The all-important Federal Reserve meeting has concluded, and the central bank had generally positive things to say about the economy. It sees unemployment falling to between 7.3% and 7.5% this year, which is down from 7.7% in February. The Fed also projects growth of 1.3% to 1.7% for the economy as a whole. It will continue its bond-buying programs and won't raise rates until unemployment reaches 6.5% or inflation reaches 2.5%. Add it all up, and investors are cheering the news, pushing the Dow Jones Industrial Average (DJINDICES:^DJI) 0.42% higher and the S&P 500 (SNPINDEX:^GSPC) 0.68% higher near the end of trading.
All but four of the 30 Dow components moved higher today, led by a strong reaction from financial-services companies American Express and Bank of America (NYSE:BAC), which gained 1.3% and 0.9%, respectively. The two things financial services need are a growing economy and stable banking policy, which is what they'll get for the next few years, by the looks of it.
Merck (NYSE:MRK) is up 1.2% after announcing the sale of potential Parkinson's treatments to Cerecor.

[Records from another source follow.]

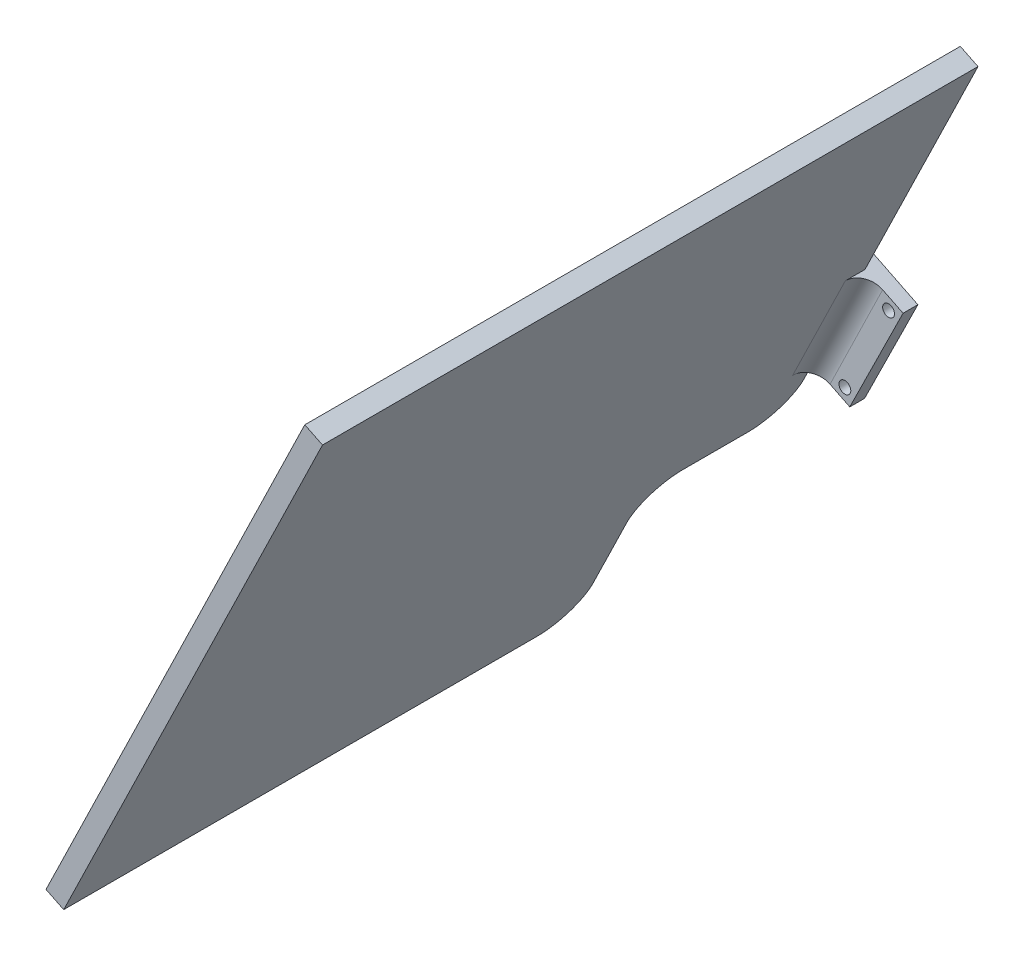
ISO-10303-21;
HEADER;
FILE_DESCRIPTION(('STEP AP214'),'2;1');
FILE_NAME('part.step','',(''),(''),'','','');
FILE_SCHEMA(('AUTOMOTIVE_DESIGN { 1 0 10303 214 1 1 1 1 }'));
ENDSEC;
DATA;
#1=APPLICATION_CONTEXT('core data for automotive mechanical design processes');
#2=APPLICATION_PROTOCOL_DEFINITION('international standard','automotive_design',2000,#1);
#3=PRODUCT_CONTEXT('',#1,'mechanical');
#4=PRODUCT('Part','Part','',(#3));
#5=PRODUCT_RELATED_PRODUCT_CATEGORY('part','',(#4));
#6=PRODUCT_DEFINITION_FORMATION('','',#4);
#7=PRODUCT_DEFINITION_CONTEXT('part definition',#1,'design');
#8=PRODUCT_DEFINITION('design','',#6,#7);
#9=PRODUCT_DEFINITION_SHAPE('','',#8);
#10=(LENGTH_UNIT() NAMED_UNIT(*) SI_UNIT(.MILLI.,.METRE.));
#11=(NAMED_UNIT(*) PLANE_ANGLE_UNIT() SI_UNIT($,.RADIAN.));
#12=(NAMED_UNIT(*) SI_UNIT($,.STERADIAN.) SOLID_ANGLE_UNIT());
#13=UNCERTAINTY_MEASURE_WITH_UNIT(LENGTH_MEASURE(1.E-05),#10,'distance_accuracy_value','');
#14=(GEOMETRIC_REPRESENTATION_CONTEXT(3) GLOBAL_UNCERTAINTY_ASSIGNED_CONTEXT((#13)) GLOBAL_UNIT_ASSIGNED_CONTEXT((#10,
#11,#12)) REPRESENTATION_CONTEXT('',''));
#15=CARTESIAN_POINT('',(0.,0.,0.));
#16=DIRECTION('',(0.,0.,1.));
#17=DIRECTION('',(1.,0.,0.));
#18=AXIS2_PLACEMENT_3D('',#15,#16,#17);
#19=CARTESIAN_POINT('',(0.,0.,3.));
#20=DIRECTION('',(0.,0.,-1.));
#21=DIRECTION('',(-1.,0.,0.));
#22=AXIS2_PLACEMENT_3D('',#19,#20,#21);
#23=PLANE('',#22);
#24=CARTESIAN_POINT('',(-75.4418609019395,-18.6400697773942,3.));
#25=DIRECTION('',(0.,0.,1.));
#26=DIRECTION('',(1.,0.,0.));
#27=AXIS2_PLACEMENT_3D('',#24,#25,#26);
#28=CIRCLE('',#27,1.2);
#29=CARTESIAN_POINT('',(-74.2418609019395,-18.6400697773942,3.));
#30=VERTEX_POINT('',#29);
#31=EDGE_CURVE('E213',#30,#30,#28,.T.);
#32=ORIENTED_EDGE('',*,*,#31,.F.);
#33=EDGE_LOOP('',(#32));
#34=FACE_BOUND('',#33,.T.);
#35=CARTESIAN_POINT('',(-66.577549393731,-0.711768645233306,3.));
#36=DIRECTION('',(0.,0.,1.));
#37=DIRECTION('',(1.,0.,0.));
#38=AXIS2_PLACEMENT_3D('',#35,#36,#37);
#39=CIRCLE('',#38,1.2);
#40=CARTESIAN_POINT('',(-65.377549393731,-0.711768645233306,3.));
#41=VERTEX_POINT('',#40);
#42=EDGE_CURVE('E219',#41,#41,#39,.T.);
#43=ORIENTED_EDGE('',*,*,#42,.F.);
#44=EDGE_LOOP('',(#43));
#45=FACE_BOUND('',#44,.T.);
#46=DIRECTION('',(0.896415056608047,-0.443215575410423,0.));
#47=VECTOR('',#46,1.);
#48=CARTESIAN_POINT('',(-78.3890482923801,-19.637108636029,3.));
#49=LINE('',#48,#47);
#50=CARTESIAN_POINT('',(-78.3890482923801,-19.637108636029,3.));
#51=VERTEX_POINT('',#50);
#52=CARTESIAN_POINT('',(-71.2822334900414,-23.1509396328807,3.));
#53=VERTEX_POINT('',#52);
#54=EDGE_CURVE('E233',#51,#53,#49,.T.);
#55=ORIENTED_EDGE('',*,*,#54,.T.);
#56=DIRECTION('',(-0.43756735035658,-0.899185639288085,0.));
#57=VECTOR('',#56,1.);
#58=CARTESIAN_POINT('',(-60.6163902256522,-1.23300383072171,3.));
#59=LINE('',#58,#57);
#60=CARTESIAN_POINT('',(-60.6053788539968,-1.21037584613058,3.));
#61=VERTEX_POINT('',#60);
#62=EDGE_CURVE('E267',#53,#61,#59,.F.);
#63=ORIENTED_EDGE('',*,*,#62,.T.);
#64=DIRECTION('',(-0.896415056608047,0.443215575410423,0.));
#65=VECTOR('',#64,1.);
#66=CARTESIAN_POINT('',(-67.5745882523658,2.23541874520732,3.));
#67=LINE('',#66,#65);
#68=CARTESIAN_POINT('',(-67.5745882523658,2.23541874520732,3.));
#69=VERTEX_POINT('',#68);
#70=EDGE_CURVE('E230',#61,#69,#67,.T.);
#71=ORIENTED_EDGE('',*,*,#70,.T.);
#72=DIRECTION('',(-0.443215575410423,-0.896415056608047,0.));
#73=VECTOR('',#72,1.);
#74=CARTESIAN_POINT('',(-67.5745882523658,2.23541874520732,3.));
#75=LINE('',#74,#73);
#76=EDGE_CURVE('E228',#69,#51,#75,.T.);
#77=ORIENTED_EDGE('',*,*,#76,.T.);
#78=EDGE_LOOP('',(#55,#63,#71,#77));
#79=FACE_BOUND('',#78,.T.);
#80=ADVANCED_FACE('F41',(#34,#45,#79),#23,.F.);
#81=CARTESIAN_POINT('',(-48.6492482615701,-9.57608015344176,3.));
#82=DIRECTION('',(0.,0.,1.));
#83=DIRECTION('',(1.,0.,0.));
#84=AXIS2_PLACEMENT_3D('',#81,#82,#83);
#85=CIRCLE('',#84,1.19999999999999);
#86=CARTESIAN_POINT('',(-47.4492482615701,-9.57608015344176,3.));
#87=VERTEX_POINT('',#86);
#88=EDGE_CURVE('E198',#87,#87,#85,.T.);
#89=ORIENTED_EDGE('',*,*,#88,.F.);
#90=EDGE_LOOP('',(#89));
#91=FACE_BOUND('',#90,.T.);
#92=CARTESIAN_POINT('',(-57.5135597697786,-27.5043812856027,3.));
#93=DIRECTION('',(0.,0.,1.));
#94=DIRECTION('',(1.,0.,0.));
#95=AXIS2_PLACEMENT_3D('',#92,#93,#94);
#96=CIRCLE('',#95,1.20000000000001);
#97=CARTESIAN_POINT('',(-56.3135597697786,-27.5043812856027,3.));
#98=VERTEX_POINT('',#97);
#99=EDGE_CURVE('E207',#98,#98,#96,.T.);
#100=ORIENTED_EDGE('',*,*,#99,.F.);
#101=EDGE_LOOP('',(#100));
#102=FACE_BOUND('',#101,.T.);
#103=CARTESIAN_POINT('',(-45.7027477813137,-8.5787016649778,3.));
#104=VERTEX_POINT('',#103);
#105=CARTESIAN_POINT('',(-49.8481852975061,-6.52906800418295,3.));
#106=VERTEX_POINT('',#105);
#107=EDGE_CURVE('E225',#104,#106,#67,.T.);
#108=ORIENTED_EDGE('',*,*,#107,.T.);
#109=DIRECTION('',(0.43756735035658,0.899185639288085,0.));
#110=VECTOR('',#109,1.);
#111=CARTESIAN_POINT('',(-60.5140285618953,-28.4470038063419,3.));
#112=LINE('',#111,#110);
#113=CARTESIAN_POINT('',(-60.5250399335508,-28.469631790933,3.));
#114=VERTEX_POINT('',#113);
#115=EDGE_CURVE('E277',#106,#114,#112,.F.);
#116=ORIENTED_EDGE('',*,*,#115,.T.);
#117=CARTESIAN_POINT('',(-56.517207821328,-30.4512290462141,3.));
#118=VERTEX_POINT('',#117);
#119=EDGE_CURVE('E232',#114,#118,#49,.T.);
#120=ORIENTED_EDGE('',*,*,#119,.T.);
#121=DIRECTION('',(0.443215575410423,0.896415056608047,0.));
#122=VECTOR('',#121,1.);
#123=CARTESIAN_POINT('',(-45.7027477813137,-8.5787016649778,3.));
#124=LINE('',#123,#122);
#125=EDGE_CURVE('E236',#118,#104,#124,.T.);
#126=ORIENTED_EDGE('',*,*,#125,.T.);
#127=EDGE_LOOP('',(#108,#116,#120,#126));
#128=FACE_BOUND('',#127,.T.);
#129=ADVANCED_FACE('F409',(#91,#102,#128),#23,.F.);
#130=CARTESIAN_POINT('',(0.,0.,0.));
#131=DIRECTION('',(0.,0.,-1.));
#132=DIRECTION('',(-1.,0.,0.));
#133=AXIS2_PLACEMENT_3D('',#130,#131,#132);
#134=PLANE('',#133);
#135=CARTESIAN_POINT('',(-57.5135597697786,-27.5043812856027,0.));
#136=DIRECTION('',(0.,0.,1.));
#137=DIRECTION('',(1.,0.,0.));
#138=AXIS2_PLACEMENT_3D('',#135,#136,#137);
#139=CIRCLE('',#138,1.20000000000001);
#140=CARTESIAN_POINT('',(-56.3135597697786,-27.5043812856027,0.));
#141=VERTEX_POINT('',#140);
#142=EDGE_CURVE('E205',#141,#141,#139,.T.);
#143=ORIENTED_EDGE('',*,*,#142,.T.);
#144=EDGE_LOOP('',(#143));
#145=FACE_BOUND('',#144,.T.);
#146=CARTESIAN_POINT('',(-66.577549393731,-0.711768645233306,0.));
#147=DIRECTION('',(0.,0.,1.));
#148=DIRECTION('',(1.,0.,0.));
#149=AXIS2_PLACEMENT_3D('',#146,#147,#148);
#150=CIRCLE('',#149,1.2);
#151=CARTESIAN_POINT('',(-65.377549393731,-0.711768645233306,0.));
#152=VERTEX_POINT('',#151);
#153=EDGE_CURVE('E216',#152,#152,#150,.T.);
#154=ORIENTED_EDGE('',*,*,#153,.T.);
#155=EDGE_LOOP('',(#154));
#156=FACE_BOUND('',#155,.T.);
#157=DIRECTION('',(-0.896415056608047,0.443215575410423,0.));
#158=VECTOR('',#157,1.);
#159=CARTESIAN_POINT('',(-67.5745882523658,2.23541874520732,0.));
#160=LINE('',#159,#158);
#161=CARTESIAN_POINT('',(-45.7027477813137,-8.5787016649778,0.));
#162=VERTEX_POINT('',#161);
#163=CARTESIAN_POINT('',(-67.5745882523658,2.23541874520732,0.));
#164=VERTEX_POINT('',#163);
#165=EDGE_CURVE('E222',#162,#164,#160,.T.);
#166=ORIENTED_EDGE('',*,*,#165,.F.);
#167=DIRECTION('',(0.443215575410423,0.896415056608047,0.));
#168=VECTOR('',#167,1.);
#169=CARTESIAN_POINT('',(-45.7027477813137,-8.5787016649778,0.));
#170=LINE('',#169,#168);
#171=CARTESIAN_POINT('',(-56.517207821328,-30.4512290462141,0.));
#172=VERTEX_POINT('',#171);
#173=EDGE_CURVE('E246',#172,#162,#170,.T.);
#174=ORIENTED_EDGE('',*,*,#173,.F.);
#175=DIRECTION('',(0.896415056608047,-0.443215575410423,0.));
#176=VECTOR('',#175,1.);
#177=CARTESIAN_POINT('',(-78.3890482923801,-19.637108636029,0.));
#178=LINE('',#177,#176);
#179=CARTESIAN_POINT('',(-78.3890482923801,-19.637108636029,0.));
#180=VERTEX_POINT('',#179);
#181=EDGE_CURVE('E244',#180,#172,#178,.T.);
#182=ORIENTED_EDGE('',*,*,#181,.F.);
#183=DIRECTION('',(-0.443215575410423,-0.896415056608047,0.));
#184=VECTOR('',#183,1.);
#185=CARTESIAN_POINT('',(-67.5745882523658,2.23541874520732,0.));
#186=LINE('',#185,#184);
#187=EDGE_CURVE('E242',#164,#180,#186,.T.);
#188=ORIENTED_EDGE('',*,*,#187,.F.);
#189=EDGE_LOOP('',(#166,#174,#182,#188));
#190=FACE_BOUND('',#189,.T.);
#191=CARTESIAN_POINT('',(-75.4418609019395,-18.6400697773942,0.));
#192=DIRECTION('',(0.,0.,1.));
#193=DIRECTION('',(1.,0.,0.));
#194=AXIS2_PLACEMENT_3D('',#191,#192,#193);
#195=CIRCLE('',#194,1.2);
#196=CARTESIAN_POINT('',(-74.2418609019395,-18.6400697773942,0.));
#197=VERTEX_POINT('',#196);
#198=EDGE_CURVE('E210',#197,#197,#195,.T.);
#199=ORIENTED_EDGE('',*,*,#198,.T.);
#200=EDGE_LOOP('',(#199));
#201=FACE_BOUND('',#200,.T.);
#202=CARTESIAN_POINT('',(-48.6492482615701,-9.57608015344176,0.));
#203=DIRECTION('',(0.,0.,1.));
#204=DIRECTION('',(1.,0.,0.));
#205=AXIS2_PLACEMENT_3D('',#202,#203,#204);
#206=CIRCLE('',#205,1.19999999999999);
#207=CARTESIAN_POINT('',(-47.4492482615701,-9.57608015344176,0.));
#208=VERTEX_POINT('',#207);
#209=EDGE_CURVE('E195',#208,#208,#206,.T.);
#210=ORIENTED_EDGE('',*,*,#209,.T.);
#211=EDGE_LOOP('',(#210));
#212=FACE_BOUND('',#211,.T.);
#213=ADVANCED_FACE('F372',(#145,#156,#190,#201,#212),#134,.T.);
#214=CARTESIAN_POINT('',(-67.5745882523658,2.23541874520732,3.));
#215=DIRECTION('',(-0.443215575410423,-0.896415056608047,0.));
#216=DIRECTION('',(0.896415056608047,-0.443215575410423,0.));
#217=AXIS2_PLACEMENT_3D('',#214,#215,#216);
#218=PLANE('',#217);
#219=ORIENTED_EDGE('',*,*,#165,.T.);
#220=DIRECTION('',(0.,0.,-1.));
#221=VECTOR('',#220,1.);
#222=CARTESIAN_POINT('',(-67.5745882523658,2.23541874520732,3.));
#223=LINE('',#222,#221);
#224=EDGE_CURVE('E256',#69,#164,#223,.T.);
#225=ORIENTED_EDGE('',*,*,#224,.F.);
#226=ORIENTED_EDGE('',*,*,#70,.F.);
#227=CARTESIAN_POINT('',(-60.6053788539967,-1.21037584613058,7.00000000000001));
#228=DIRECTION('',(-0.443215575410423,-0.896415056608047,0.));
#229=DIRECTION('',(-0.896415056608047,0.443215575410423,0.));
#230=AXIS2_PLACEMENT_3D('',#227,#228,#229);
#231=ELLIPSE('',#230,4.00007915871579,4.);
#232=CARTESIAN_POINT('',(-57.0196476684999,-2.98327323214804,7.00000000000001));
#233=VERTEX_POINT('',#232);
#234=EDGE_CURVE('E281',#61,#233,#231,.T.);
#235=ORIENTED_EDGE('',*,*,#234,.T.);
#236=DIRECTION('',(0.,0.,1.));
#237=VECTOR('',#236,1.);
#238=CARTESIAN_POINT('',(-57.0196476684999,-2.98327323214804,3.));
#239=LINE('',#238,#237);
#240=CARTESIAN_POINT('',(-57.0196476684999,-2.98327323214804,3.));
#241=VERTEX_POINT('',#240);
#242=EDGE_CURVE('E259',#241,#233,#239,.T.);
#243=ORIENTED_EDGE('',*,*,#242,.F.);
#244=CARTESIAN_POINT('',(-53.433916483003,-4.75617061816549,3.));
#245=VERTEX_POINT('',#244);
#246=EDGE_CURVE('E229',#245,#241,#67,.T.);
#247=ORIENTED_EDGE('',*,*,#246,.F.);
#248=DIRECTION('',(0.,0.,-1.));
#249=VECTOR('',#248,1.);
#250=CARTESIAN_POINT('',(-53.433916483003,-4.7561706181655,3.));
#251=LINE('',#250,#249);
#252=CARTESIAN_POINT('',(-53.433916483003,-4.7561706181655,7.00000000000001));
#253=VERTEX_POINT('',#252);
#254=EDGE_CURVE('E275',#253,#245,#251,.T.);
#255=ORIENTED_EDGE('',*,*,#254,.F.);
#256=CARTESIAN_POINT('',(-49.8481852975061,-6.52906800418296,7.00000000000001));
#257=DIRECTION('',(-0.443215575410423,-0.896415056608047,0.));
#258=DIRECTION('',(0.896415056608047,-0.443215575410423,0.));
#259=AXIS2_PLACEMENT_3D('',#256,#257,#258);
#260=ELLIPSE('',#259,4.00007915871579,4.);
#261=EDGE_CURVE('E283',#253,#106,#260,.T.);
#262=ORIENTED_EDGE('',*,*,#261,.T.);
#263=ORIENTED_EDGE('',*,*,#107,.F.);
#264=DIRECTION('',(0.,0.,-1.));
#265=VECTOR('',#264,1.);
#266=CARTESIAN_POINT('',(-45.7027477813137,-8.5787016649778,3.));
#267=LINE('',#266,#265);
#268=EDGE_CURVE('E239',#104,#162,#267,.T.);
#269=ORIENTED_EDGE('',*,*,#268,.T.);
#270=EDGE_LOOP('',(#219,#225,#226,#235,#243,#247,#255,#262,#263,#269));
#271=FACE_BOUND('',#270,.T.);
#272=ADVANCED_FACE('F366',(#271),#218,.F.);
#273=CARTESIAN_POINT('',(-67.5745882523658,2.23541874520732,3.));
#274=DIRECTION('',(0.896415056608047,-0.443215575410423,0.));
#275=DIRECTION('',(0.443215575410423,0.896415056608047,0.));
#276=AXIS2_PLACEMENT_3D('',#273,#274,#275);
#277=PLANE('',#276);
#278=ORIENTED_EDGE('',*,*,#187,.T.);
#279=DIRECTION('',(0.,0.,-1.));
#280=VECTOR('',#279,1.);
#281=CARTESIAN_POINT('',(-78.3890482923801,-19.637108636029,3.));
#282=LINE('',#281,#280);
#283=EDGE_CURVE('E253',#51,#180,#282,.T.);
#284=ORIENTED_EDGE('',*,*,#283,.F.);
#285=ORIENTED_EDGE('',*,*,#76,.F.);
#286=ORIENTED_EDGE('',*,*,#224,.T.);
#287=EDGE_LOOP('',(#278,#284,#285,#286));
#288=FACE_BOUND('',#287,.T.);
#289=ADVANCED_FACE('F364',(#288),#277,.F.);
#290=CARTESIAN_POINT('',(-78.3890482923801,-19.637108636029,3.));
#291=DIRECTION('',(0.443215575410423,0.896415056608047,0.));
#292=DIRECTION('',(-0.896415056608047,0.443215575410423,0.));
#293=AXIS2_PLACEMENT_3D('',#290,#291,#292);
#294=PLANE('',#293);
#295=ORIENTED_EDGE('',*,*,#181,.T.);
#296=DIRECTION('',(0.,0.,-1.));
#297=VECTOR('',#296,1.);
#298=CARTESIAN_POINT('',(-56.517207821328,-30.4512290462141,3.));
#299=LINE('',#298,#297);
#300=EDGE_CURVE('E250',#118,#172,#299,.T.);
#301=ORIENTED_EDGE('',*,*,#300,.F.);
#302=ORIENTED_EDGE('',*,*,#119,.F.);
#303=CARTESIAN_POINT('',(-60.5250399335508,-28.469631790933,7.00000000000001));
#304=DIRECTION('',(0.443215575410423,0.896415056608047,0.));
#305=DIRECTION('',(0.896415056608047,-0.443215575410423,0.));
#306=AXIS2_PLACEMENT_3D('',#303,#304,#305);
#307=ELLIPSE('',#306,4.00007915871579,4.);
#308=CARTESIAN_POINT('',(-64.1107711190477,-26.6967344049156,7.00000000000001));
#309=VERTEX_POINT('',#308);
#310=EDGE_CURVE('E285',#114,#309,#307,.T.);
#311=ORIENTED_EDGE('',*,*,#310,.T.);
#312=DIRECTION('',(0.,0.,1.));
#313=VECTOR('',#312,1.);
#314=CARTESIAN_POINT('',(-64.1107711190477,-26.6967344049156,3.));
#315=LINE('',#314,#313);
#316=CARTESIAN_POINT('',(-64.1107711190477,-26.6967344049156,3.));
#317=VERTEX_POINT('',#316);
#318=EDGE_CURVE('E269',#317,#309,#315,.T.);
#319=ORIENTED_EDGE('',*,*,#318,.F.);
#320=CARTESIAN_POINT('',(-67.6965023045445,-24.9238370188981,3.));
#321=VERTEX_POINT('',#320);
#322=EDGE_CURVE('E237',#321,#317,#49,.T.);
#323=ORIENTED_EDGE('',*,*,#322,.F.);
#324=DIRECTION('',(0.,0.,-1.));
#325=VECTOR('',#324,1.);
#326=CARTESIAN_POINT('',(-67.6965023045445,-24.9238370188981,3.));
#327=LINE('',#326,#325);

The company is looking into a variety of drugs to treat the disease, and this will add to the list of candidates for clinical development. Exact terms of the deal weren't disclosed, but Merck will be eligible for milestone payments and royalties if any of its treatments are approved.
On the flip side, Caterpillar (NYSE:CAT) is lagging the Dow by a wide margin, falling 1.6% after reporting sales figures. During the most recent three-month period, dealer sales fell 13%, compared with a 4% drop in the January period. This means February was an awful month, resulting in a 26% decline in sales in Asia-Pacific and 12% in North America. Infrastructure and mining spending just isn't what it used to be, and Caterpillar is caught with too much inventory and tough comparisons. Now is not the time to be jumping onto this bandwagon.